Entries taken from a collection
————————

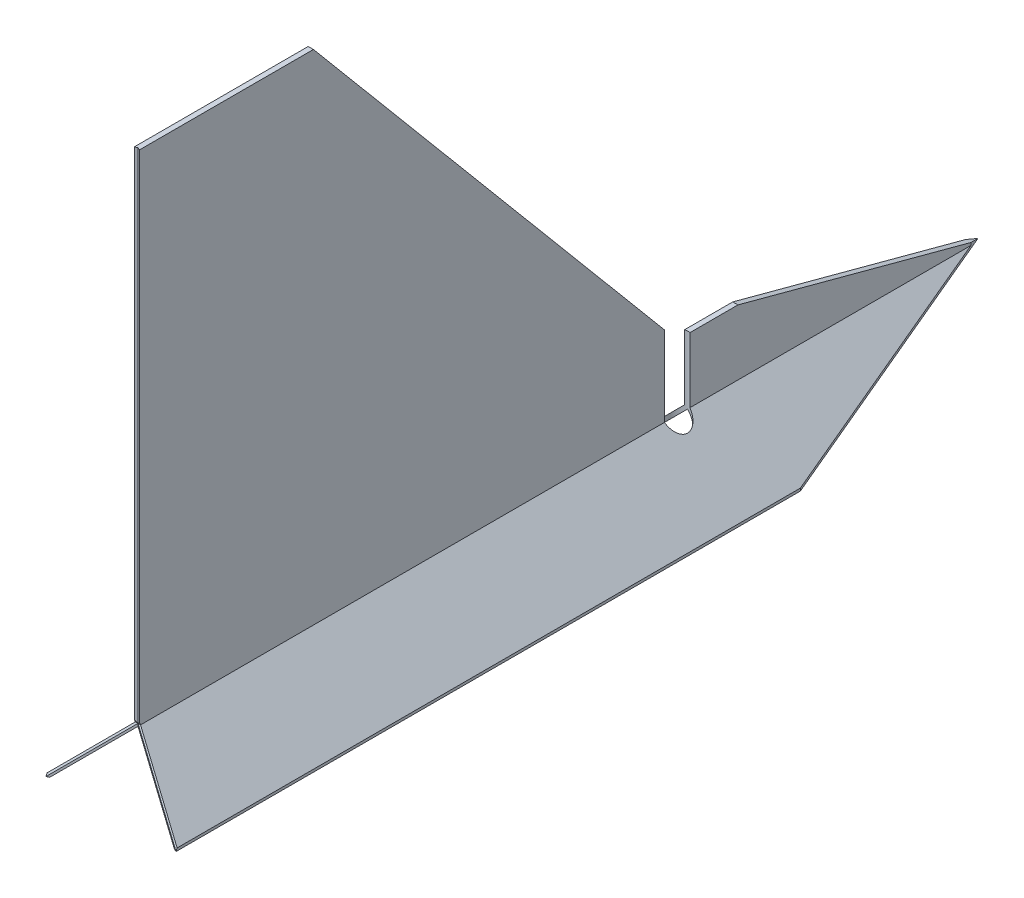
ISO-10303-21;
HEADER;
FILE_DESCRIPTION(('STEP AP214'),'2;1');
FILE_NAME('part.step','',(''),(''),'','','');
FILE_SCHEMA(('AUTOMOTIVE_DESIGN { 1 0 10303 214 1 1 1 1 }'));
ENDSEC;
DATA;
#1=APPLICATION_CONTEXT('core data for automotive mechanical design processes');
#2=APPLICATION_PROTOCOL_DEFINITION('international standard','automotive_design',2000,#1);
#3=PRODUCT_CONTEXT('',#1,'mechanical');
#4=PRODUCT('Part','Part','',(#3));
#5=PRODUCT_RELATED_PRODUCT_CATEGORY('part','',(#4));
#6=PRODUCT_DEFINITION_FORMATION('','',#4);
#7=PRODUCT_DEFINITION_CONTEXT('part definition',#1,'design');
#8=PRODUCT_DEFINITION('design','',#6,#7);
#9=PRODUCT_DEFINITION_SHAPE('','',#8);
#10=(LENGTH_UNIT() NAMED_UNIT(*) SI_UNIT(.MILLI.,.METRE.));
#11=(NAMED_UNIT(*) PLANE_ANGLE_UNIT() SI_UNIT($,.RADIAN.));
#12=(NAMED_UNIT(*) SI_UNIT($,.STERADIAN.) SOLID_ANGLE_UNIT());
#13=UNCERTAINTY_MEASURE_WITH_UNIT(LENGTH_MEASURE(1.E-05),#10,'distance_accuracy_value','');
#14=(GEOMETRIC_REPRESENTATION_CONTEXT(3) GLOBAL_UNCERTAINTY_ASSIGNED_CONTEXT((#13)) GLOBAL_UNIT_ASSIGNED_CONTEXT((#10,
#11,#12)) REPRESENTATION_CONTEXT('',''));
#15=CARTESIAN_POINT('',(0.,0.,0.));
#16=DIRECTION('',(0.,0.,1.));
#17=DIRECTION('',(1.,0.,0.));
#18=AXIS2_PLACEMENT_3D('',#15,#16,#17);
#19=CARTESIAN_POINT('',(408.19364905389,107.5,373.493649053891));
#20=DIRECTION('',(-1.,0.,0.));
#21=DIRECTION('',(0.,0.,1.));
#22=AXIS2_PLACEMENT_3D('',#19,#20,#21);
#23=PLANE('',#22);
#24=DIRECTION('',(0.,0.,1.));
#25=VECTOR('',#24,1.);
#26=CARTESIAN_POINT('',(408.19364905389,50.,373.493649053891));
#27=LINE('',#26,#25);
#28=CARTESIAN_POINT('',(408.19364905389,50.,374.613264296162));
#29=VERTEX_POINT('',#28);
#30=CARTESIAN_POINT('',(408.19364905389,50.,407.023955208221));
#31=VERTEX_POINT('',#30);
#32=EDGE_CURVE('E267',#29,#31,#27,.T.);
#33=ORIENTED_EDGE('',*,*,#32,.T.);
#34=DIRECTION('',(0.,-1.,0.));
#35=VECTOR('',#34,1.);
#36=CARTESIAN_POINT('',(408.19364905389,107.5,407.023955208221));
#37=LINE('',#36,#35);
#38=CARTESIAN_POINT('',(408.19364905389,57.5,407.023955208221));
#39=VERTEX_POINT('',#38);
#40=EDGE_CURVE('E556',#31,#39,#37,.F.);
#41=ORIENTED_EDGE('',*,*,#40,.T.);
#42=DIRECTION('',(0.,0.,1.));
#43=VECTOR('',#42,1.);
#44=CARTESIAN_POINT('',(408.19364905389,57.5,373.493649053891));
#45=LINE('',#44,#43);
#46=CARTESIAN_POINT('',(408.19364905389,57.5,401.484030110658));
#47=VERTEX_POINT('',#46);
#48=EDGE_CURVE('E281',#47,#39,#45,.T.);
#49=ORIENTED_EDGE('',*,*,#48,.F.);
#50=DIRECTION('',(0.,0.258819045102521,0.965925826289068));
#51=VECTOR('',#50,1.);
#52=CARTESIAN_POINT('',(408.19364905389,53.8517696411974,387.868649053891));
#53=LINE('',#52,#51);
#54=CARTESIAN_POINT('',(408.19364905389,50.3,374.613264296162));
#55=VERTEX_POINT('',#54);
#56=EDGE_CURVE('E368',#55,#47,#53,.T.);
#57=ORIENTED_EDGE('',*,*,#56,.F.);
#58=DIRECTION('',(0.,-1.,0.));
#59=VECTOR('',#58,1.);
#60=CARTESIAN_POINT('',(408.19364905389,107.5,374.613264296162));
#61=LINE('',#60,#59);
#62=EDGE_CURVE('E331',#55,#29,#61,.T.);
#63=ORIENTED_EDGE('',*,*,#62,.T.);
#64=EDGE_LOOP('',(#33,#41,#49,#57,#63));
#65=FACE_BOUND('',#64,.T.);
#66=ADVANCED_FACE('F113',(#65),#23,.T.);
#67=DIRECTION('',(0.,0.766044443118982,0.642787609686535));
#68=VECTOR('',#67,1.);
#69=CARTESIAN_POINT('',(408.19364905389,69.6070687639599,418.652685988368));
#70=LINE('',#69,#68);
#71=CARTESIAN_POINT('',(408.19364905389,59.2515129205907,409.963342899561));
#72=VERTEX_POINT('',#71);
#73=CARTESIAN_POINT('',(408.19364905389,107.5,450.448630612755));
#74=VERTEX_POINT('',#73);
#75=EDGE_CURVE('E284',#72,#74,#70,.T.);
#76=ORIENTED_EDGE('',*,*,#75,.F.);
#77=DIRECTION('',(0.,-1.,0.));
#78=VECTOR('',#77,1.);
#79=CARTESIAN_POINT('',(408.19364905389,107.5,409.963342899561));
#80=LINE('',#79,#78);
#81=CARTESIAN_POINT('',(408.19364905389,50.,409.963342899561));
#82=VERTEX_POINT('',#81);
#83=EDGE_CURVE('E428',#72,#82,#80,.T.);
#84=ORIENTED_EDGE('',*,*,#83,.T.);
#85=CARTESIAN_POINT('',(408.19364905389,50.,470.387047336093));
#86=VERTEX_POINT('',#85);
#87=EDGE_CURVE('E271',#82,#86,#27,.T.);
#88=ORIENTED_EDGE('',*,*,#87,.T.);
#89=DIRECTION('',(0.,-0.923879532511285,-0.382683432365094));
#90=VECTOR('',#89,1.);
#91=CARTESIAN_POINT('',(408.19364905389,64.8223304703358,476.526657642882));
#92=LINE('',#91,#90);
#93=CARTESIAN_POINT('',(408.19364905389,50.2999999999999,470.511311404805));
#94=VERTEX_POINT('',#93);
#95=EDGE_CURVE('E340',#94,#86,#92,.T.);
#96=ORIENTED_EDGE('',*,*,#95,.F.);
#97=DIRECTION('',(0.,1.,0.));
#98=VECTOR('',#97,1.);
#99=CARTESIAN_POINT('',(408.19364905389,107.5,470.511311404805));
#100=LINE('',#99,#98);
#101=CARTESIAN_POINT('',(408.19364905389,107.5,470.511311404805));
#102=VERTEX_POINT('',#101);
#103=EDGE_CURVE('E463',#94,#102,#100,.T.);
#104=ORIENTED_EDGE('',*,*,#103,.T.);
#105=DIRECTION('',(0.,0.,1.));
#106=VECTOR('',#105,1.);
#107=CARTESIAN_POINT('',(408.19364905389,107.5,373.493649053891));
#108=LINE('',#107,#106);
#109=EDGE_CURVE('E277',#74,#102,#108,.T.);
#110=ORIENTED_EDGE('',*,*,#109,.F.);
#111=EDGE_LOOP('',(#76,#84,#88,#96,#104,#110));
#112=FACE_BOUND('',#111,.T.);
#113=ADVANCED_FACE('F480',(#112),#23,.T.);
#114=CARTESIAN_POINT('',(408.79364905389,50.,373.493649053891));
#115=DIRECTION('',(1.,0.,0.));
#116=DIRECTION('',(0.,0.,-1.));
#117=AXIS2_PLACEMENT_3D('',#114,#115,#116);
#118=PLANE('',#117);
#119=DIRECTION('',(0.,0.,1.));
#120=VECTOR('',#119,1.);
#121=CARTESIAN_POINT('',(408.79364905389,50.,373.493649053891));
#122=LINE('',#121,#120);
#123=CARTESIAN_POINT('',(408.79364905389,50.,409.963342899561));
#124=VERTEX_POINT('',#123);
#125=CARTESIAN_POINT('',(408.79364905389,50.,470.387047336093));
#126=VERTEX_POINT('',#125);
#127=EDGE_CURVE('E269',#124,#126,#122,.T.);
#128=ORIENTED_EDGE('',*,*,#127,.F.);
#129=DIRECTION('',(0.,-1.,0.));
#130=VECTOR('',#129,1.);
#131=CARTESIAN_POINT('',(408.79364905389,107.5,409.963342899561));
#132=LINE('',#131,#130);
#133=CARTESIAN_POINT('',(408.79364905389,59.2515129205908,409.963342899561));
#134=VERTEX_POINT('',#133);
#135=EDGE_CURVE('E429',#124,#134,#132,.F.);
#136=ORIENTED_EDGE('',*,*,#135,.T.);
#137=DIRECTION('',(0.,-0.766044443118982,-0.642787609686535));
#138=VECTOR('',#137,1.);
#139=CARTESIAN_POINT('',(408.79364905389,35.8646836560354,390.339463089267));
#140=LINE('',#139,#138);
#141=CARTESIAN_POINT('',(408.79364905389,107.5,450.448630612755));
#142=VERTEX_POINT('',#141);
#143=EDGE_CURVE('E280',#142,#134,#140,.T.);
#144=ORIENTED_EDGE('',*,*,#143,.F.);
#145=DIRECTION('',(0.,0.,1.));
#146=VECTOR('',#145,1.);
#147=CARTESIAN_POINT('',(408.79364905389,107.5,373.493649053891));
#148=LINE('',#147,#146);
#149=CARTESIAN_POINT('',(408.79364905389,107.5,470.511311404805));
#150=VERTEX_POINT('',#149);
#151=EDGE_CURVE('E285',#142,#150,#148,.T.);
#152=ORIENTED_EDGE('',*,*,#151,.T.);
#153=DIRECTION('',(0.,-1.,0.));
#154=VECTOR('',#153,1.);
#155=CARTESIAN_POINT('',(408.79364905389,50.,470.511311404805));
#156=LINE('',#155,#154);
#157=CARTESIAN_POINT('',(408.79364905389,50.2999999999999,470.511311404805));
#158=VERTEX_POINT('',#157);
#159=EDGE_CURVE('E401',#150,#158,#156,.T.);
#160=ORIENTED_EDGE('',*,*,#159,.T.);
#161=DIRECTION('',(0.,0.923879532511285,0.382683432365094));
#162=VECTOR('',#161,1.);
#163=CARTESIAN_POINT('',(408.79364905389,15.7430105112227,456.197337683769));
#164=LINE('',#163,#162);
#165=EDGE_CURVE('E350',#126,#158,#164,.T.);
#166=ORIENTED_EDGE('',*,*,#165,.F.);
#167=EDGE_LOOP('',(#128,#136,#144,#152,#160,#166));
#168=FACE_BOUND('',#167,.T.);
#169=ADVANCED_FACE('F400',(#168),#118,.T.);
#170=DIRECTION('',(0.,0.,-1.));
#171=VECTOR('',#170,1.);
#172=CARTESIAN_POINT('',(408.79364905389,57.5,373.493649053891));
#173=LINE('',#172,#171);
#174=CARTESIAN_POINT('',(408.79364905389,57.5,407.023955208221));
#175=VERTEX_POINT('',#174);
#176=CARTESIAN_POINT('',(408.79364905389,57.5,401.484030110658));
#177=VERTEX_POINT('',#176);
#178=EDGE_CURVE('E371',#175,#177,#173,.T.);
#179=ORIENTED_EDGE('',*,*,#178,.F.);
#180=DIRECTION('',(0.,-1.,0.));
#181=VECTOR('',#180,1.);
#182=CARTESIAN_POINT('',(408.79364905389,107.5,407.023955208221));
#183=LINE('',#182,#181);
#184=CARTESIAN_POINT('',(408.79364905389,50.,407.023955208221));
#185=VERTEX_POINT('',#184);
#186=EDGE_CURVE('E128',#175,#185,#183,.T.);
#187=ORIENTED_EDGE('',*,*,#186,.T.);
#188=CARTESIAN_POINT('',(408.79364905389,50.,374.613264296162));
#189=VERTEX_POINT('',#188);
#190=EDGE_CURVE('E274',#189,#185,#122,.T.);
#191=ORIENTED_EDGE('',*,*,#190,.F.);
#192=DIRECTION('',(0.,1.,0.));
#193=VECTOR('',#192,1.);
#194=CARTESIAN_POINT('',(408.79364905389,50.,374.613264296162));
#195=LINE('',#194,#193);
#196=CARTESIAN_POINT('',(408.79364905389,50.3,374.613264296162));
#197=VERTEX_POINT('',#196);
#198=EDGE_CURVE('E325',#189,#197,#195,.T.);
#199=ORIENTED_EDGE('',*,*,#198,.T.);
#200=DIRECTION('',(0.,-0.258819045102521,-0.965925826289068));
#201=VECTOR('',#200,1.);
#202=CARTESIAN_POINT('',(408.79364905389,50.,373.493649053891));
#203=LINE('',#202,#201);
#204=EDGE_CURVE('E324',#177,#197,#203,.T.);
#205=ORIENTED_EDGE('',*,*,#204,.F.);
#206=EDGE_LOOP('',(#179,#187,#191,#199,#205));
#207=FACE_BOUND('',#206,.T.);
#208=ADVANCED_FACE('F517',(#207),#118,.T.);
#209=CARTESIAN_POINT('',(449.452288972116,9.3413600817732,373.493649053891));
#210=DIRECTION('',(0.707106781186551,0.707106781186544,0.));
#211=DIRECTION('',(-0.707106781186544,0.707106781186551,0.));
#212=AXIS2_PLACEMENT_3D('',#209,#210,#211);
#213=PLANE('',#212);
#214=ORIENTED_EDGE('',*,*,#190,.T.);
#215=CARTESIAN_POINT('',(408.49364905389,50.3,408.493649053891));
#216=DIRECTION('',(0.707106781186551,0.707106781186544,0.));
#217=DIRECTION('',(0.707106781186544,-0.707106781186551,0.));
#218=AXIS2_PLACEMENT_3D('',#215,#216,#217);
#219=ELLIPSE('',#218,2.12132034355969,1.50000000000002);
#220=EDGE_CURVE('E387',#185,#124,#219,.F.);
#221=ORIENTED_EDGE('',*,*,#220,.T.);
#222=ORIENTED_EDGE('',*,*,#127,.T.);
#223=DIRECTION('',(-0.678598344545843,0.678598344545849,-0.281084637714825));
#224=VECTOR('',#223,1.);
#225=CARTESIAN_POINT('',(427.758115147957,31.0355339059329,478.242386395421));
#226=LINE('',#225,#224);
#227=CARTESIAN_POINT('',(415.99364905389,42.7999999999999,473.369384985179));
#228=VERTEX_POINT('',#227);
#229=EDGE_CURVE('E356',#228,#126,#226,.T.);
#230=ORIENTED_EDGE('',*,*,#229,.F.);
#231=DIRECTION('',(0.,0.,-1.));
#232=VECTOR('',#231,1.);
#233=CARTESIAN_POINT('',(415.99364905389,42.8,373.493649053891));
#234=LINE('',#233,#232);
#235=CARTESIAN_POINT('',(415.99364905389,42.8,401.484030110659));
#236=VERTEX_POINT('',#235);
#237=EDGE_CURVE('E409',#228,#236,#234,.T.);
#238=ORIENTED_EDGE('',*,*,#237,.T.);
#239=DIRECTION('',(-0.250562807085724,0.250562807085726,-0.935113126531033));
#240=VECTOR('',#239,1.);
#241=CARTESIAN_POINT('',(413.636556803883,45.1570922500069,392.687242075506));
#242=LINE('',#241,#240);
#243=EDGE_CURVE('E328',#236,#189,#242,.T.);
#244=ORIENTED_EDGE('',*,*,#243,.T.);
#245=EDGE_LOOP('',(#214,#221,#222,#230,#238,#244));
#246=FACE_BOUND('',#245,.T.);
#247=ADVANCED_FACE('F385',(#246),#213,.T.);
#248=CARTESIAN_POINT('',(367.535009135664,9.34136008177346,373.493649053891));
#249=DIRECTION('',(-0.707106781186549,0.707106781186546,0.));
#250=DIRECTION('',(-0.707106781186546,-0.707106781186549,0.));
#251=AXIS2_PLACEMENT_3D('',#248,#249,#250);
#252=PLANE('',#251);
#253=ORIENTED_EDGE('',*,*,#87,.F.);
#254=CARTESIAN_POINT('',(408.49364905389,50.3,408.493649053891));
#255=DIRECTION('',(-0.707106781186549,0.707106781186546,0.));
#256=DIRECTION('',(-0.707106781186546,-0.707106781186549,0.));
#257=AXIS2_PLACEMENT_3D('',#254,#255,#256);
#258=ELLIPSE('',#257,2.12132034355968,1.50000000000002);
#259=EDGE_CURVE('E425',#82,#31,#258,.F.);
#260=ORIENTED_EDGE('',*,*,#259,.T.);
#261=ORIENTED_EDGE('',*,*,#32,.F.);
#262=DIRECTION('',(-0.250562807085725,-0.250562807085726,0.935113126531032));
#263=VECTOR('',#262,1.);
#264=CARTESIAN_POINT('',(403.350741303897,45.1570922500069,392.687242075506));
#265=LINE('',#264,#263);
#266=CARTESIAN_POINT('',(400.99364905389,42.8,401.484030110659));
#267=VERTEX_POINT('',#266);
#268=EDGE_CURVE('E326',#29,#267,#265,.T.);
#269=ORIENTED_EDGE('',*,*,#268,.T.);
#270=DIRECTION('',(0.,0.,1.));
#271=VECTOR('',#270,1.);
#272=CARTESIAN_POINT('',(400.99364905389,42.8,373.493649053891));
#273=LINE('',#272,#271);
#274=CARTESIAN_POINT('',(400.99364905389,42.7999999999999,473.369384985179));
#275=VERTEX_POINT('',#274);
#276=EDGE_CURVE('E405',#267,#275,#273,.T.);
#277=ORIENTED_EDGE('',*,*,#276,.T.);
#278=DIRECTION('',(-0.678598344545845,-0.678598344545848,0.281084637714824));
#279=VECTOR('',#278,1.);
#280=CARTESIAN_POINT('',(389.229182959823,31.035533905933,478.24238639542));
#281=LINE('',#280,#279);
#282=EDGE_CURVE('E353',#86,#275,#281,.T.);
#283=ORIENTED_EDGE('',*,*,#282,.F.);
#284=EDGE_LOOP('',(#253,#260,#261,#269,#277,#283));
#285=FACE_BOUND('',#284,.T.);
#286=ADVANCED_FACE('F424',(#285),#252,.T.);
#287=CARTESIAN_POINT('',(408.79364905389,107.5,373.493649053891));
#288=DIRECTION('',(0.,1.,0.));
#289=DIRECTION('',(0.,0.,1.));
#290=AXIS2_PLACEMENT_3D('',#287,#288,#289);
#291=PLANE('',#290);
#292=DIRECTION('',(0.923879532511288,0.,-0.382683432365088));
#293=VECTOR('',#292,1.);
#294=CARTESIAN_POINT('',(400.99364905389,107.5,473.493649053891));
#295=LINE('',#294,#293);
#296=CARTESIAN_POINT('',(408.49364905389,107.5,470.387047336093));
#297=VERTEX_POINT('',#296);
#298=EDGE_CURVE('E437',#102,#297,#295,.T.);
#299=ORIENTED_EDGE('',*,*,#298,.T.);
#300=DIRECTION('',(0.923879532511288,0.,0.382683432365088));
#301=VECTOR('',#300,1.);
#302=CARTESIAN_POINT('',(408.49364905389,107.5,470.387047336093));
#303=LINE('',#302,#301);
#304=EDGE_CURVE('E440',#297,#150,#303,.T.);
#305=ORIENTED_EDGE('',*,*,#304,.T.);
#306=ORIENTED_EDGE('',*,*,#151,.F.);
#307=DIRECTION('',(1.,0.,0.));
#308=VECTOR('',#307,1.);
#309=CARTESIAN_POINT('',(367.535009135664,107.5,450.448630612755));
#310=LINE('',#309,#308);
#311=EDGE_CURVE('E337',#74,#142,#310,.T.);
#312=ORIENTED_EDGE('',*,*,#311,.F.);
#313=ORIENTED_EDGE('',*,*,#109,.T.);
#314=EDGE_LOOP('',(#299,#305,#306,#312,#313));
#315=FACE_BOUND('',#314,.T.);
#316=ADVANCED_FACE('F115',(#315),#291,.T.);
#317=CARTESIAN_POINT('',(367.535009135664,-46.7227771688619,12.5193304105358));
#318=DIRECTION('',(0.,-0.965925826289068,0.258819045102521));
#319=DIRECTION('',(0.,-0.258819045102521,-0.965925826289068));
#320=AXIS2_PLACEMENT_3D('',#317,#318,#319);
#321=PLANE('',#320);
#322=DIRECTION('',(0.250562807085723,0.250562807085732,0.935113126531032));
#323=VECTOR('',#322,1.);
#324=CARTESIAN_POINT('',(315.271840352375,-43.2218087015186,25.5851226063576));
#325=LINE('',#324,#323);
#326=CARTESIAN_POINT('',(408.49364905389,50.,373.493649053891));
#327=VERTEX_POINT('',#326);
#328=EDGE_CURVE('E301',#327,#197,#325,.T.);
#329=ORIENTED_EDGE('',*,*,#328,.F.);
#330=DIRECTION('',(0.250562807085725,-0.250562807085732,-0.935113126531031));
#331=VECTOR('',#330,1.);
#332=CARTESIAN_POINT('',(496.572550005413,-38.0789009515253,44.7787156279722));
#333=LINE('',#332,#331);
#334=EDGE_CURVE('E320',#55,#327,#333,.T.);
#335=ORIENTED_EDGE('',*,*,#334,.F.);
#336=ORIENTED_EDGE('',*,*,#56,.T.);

————————

→ WHAT THIS TASK INVOLVES
Pull every line with "mechanical" from the records.

→ COMPLETED TASK
#1=APPLICATION_CONTEXT('core data for automotive mechanical design processes');
#3=PRODUCT_CONTEXT('',#1,'mechanical');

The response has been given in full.